§ Work order
In the data below, one line contains "#113=EDGE_CURVE('E55',#112,#112,#110,.T.);" and a later one contains "#124=EDGE_CURVE('E130',#123,#123,#121,.T.);". Print both, with every line between them, exactly and alone.

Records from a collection
Start of Block

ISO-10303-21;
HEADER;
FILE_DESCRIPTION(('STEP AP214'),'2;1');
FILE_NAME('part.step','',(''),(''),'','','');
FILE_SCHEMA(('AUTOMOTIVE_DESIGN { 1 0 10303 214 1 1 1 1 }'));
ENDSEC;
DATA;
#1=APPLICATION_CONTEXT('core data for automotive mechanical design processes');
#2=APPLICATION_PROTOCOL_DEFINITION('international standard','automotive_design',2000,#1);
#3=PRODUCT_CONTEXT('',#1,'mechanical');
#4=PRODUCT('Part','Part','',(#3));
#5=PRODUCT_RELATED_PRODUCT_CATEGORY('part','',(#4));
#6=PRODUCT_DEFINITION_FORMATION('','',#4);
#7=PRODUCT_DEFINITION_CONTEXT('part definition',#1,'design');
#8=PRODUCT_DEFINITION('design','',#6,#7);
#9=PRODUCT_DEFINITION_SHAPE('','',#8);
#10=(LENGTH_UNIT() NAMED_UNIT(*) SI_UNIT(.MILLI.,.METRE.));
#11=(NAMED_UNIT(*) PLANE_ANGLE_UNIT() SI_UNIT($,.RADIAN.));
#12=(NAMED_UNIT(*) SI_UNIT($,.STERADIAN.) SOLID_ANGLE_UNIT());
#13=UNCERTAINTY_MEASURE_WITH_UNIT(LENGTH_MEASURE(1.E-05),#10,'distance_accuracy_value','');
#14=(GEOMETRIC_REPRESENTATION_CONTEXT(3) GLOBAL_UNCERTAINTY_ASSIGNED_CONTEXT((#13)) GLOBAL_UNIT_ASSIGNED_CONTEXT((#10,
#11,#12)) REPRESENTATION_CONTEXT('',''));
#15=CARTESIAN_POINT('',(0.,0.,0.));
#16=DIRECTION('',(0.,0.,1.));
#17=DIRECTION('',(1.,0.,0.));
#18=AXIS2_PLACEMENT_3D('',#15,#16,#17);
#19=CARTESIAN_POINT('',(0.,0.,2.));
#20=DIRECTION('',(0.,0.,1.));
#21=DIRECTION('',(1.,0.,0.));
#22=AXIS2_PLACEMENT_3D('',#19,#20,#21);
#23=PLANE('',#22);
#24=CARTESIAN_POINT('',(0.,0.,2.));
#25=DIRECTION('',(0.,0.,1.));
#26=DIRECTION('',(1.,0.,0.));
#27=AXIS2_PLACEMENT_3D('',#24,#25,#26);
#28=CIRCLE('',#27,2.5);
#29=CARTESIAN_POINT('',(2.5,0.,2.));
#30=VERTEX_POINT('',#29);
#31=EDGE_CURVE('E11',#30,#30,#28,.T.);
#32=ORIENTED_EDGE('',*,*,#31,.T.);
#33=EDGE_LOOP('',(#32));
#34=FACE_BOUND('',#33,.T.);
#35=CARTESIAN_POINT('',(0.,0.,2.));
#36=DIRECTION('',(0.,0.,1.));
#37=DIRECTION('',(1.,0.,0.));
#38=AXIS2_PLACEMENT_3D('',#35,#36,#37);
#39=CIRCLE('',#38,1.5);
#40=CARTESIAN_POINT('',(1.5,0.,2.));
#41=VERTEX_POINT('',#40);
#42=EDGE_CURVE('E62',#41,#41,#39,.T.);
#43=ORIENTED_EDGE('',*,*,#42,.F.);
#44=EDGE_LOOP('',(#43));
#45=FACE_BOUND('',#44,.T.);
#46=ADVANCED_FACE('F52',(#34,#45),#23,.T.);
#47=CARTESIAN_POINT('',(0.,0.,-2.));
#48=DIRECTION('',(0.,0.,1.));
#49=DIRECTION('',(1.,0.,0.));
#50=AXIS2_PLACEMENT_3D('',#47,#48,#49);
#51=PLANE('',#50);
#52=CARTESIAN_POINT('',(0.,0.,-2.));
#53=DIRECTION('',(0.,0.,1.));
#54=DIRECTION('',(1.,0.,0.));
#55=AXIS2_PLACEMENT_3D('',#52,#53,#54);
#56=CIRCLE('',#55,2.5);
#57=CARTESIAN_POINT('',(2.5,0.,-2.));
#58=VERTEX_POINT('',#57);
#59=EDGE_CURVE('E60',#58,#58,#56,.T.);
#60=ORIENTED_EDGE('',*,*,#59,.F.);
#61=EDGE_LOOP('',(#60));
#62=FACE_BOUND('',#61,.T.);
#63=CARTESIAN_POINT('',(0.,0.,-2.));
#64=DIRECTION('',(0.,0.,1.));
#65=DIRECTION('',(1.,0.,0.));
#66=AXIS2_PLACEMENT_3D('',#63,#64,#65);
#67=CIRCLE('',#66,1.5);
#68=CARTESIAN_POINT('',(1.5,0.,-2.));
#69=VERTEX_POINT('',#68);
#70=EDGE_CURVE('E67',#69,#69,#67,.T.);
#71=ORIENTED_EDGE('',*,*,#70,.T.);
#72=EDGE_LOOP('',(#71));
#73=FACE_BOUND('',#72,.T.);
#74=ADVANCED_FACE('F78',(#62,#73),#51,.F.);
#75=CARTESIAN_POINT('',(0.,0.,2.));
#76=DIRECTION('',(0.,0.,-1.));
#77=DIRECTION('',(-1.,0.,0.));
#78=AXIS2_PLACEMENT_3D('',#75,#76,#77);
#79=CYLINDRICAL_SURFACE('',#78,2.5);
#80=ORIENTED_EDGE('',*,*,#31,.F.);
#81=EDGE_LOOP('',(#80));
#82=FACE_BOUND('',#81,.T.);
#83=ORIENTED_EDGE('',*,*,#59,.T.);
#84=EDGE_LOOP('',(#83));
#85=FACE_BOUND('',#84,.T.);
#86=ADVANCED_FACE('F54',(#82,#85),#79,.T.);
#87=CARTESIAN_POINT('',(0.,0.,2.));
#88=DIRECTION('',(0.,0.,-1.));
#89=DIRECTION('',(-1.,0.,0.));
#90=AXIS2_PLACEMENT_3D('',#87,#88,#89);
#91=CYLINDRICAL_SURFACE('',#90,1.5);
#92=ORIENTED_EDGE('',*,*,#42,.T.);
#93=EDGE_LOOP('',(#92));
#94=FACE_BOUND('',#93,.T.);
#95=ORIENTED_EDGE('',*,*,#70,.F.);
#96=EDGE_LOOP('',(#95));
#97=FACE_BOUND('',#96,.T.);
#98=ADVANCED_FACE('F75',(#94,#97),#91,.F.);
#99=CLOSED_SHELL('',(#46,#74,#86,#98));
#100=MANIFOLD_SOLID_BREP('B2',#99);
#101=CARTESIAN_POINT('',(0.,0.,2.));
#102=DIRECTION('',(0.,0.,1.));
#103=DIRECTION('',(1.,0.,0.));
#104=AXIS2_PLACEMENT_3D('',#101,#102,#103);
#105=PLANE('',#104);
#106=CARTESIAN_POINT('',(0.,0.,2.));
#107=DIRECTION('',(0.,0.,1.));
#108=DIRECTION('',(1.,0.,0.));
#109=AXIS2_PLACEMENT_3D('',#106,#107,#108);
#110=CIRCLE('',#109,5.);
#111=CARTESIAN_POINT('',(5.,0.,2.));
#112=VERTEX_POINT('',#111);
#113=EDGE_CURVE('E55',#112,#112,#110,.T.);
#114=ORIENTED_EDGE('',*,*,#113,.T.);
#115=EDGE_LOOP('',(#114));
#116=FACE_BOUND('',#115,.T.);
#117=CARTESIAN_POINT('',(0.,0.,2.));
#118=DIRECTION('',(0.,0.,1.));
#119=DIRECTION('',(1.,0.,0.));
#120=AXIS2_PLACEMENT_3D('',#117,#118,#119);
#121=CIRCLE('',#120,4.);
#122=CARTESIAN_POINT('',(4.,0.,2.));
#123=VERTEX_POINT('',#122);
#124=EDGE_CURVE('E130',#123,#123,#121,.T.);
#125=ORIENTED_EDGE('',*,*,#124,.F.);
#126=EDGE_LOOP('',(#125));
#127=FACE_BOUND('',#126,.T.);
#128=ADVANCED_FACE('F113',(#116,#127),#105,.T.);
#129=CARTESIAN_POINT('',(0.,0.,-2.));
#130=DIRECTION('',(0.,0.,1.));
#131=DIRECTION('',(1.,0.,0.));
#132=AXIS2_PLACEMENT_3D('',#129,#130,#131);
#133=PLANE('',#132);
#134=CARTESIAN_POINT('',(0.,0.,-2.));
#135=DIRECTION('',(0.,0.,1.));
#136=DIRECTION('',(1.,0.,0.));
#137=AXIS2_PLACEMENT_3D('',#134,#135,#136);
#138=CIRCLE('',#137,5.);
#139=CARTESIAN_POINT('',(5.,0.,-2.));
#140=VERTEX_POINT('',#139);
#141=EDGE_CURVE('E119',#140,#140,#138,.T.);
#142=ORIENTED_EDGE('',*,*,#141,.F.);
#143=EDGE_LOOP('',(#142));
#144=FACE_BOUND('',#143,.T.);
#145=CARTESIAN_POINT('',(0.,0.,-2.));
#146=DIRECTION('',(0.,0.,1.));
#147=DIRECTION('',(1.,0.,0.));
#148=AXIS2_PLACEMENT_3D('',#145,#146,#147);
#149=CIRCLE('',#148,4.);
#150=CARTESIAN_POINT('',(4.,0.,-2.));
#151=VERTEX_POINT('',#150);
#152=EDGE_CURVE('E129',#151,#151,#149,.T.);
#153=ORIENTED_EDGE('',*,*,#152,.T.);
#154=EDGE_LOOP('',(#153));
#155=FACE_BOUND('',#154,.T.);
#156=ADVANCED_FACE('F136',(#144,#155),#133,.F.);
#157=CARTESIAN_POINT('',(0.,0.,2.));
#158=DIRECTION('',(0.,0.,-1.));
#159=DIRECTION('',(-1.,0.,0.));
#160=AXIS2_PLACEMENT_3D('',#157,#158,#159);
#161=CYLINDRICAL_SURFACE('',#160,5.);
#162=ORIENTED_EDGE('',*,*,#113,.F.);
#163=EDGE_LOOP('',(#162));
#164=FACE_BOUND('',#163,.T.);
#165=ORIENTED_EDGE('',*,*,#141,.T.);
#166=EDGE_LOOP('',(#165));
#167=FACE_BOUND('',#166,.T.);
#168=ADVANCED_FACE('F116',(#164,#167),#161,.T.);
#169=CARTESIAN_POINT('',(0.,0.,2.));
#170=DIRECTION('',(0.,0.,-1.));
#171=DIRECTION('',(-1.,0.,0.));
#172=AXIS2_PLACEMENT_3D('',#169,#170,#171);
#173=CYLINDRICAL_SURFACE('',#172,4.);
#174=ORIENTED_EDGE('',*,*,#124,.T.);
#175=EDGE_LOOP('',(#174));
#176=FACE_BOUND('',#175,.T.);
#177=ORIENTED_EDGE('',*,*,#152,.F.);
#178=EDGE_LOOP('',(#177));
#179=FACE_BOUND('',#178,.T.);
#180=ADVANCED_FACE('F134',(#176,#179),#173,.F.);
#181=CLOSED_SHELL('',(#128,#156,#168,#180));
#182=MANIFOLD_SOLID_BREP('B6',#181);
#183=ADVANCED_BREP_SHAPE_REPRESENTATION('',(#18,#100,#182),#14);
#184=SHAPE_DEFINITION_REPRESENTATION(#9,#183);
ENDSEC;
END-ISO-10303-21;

End of Block

§ Result of the task
#113=EDGE_CURVE('E55',#112,#112,#110,.T.);
#114=ORIENTED_EDGE('',*,*,#113,.T.);
#115=EDGE_LOOP('',(#114));
#116=FACE_BOUND('',#115,.T.);
#117=CARTESIAN_POINT('',(0.,0.,2.));
#118=DIRECTION('',(0.,0.,1.));
#119=DIRECTION('',(1.,0.,0.));
#120=AXIS2_PLACEMENT_3D('',#117,#118,#119);
#121=CIRCLE('',#120,4.);
#122=CARTESIAN_POINT('',(4.,0.,2.));
#123=VERTEX_POINT('',#122);
#124=EDGE_CURVE('E130',#123,#123,#121,.T.);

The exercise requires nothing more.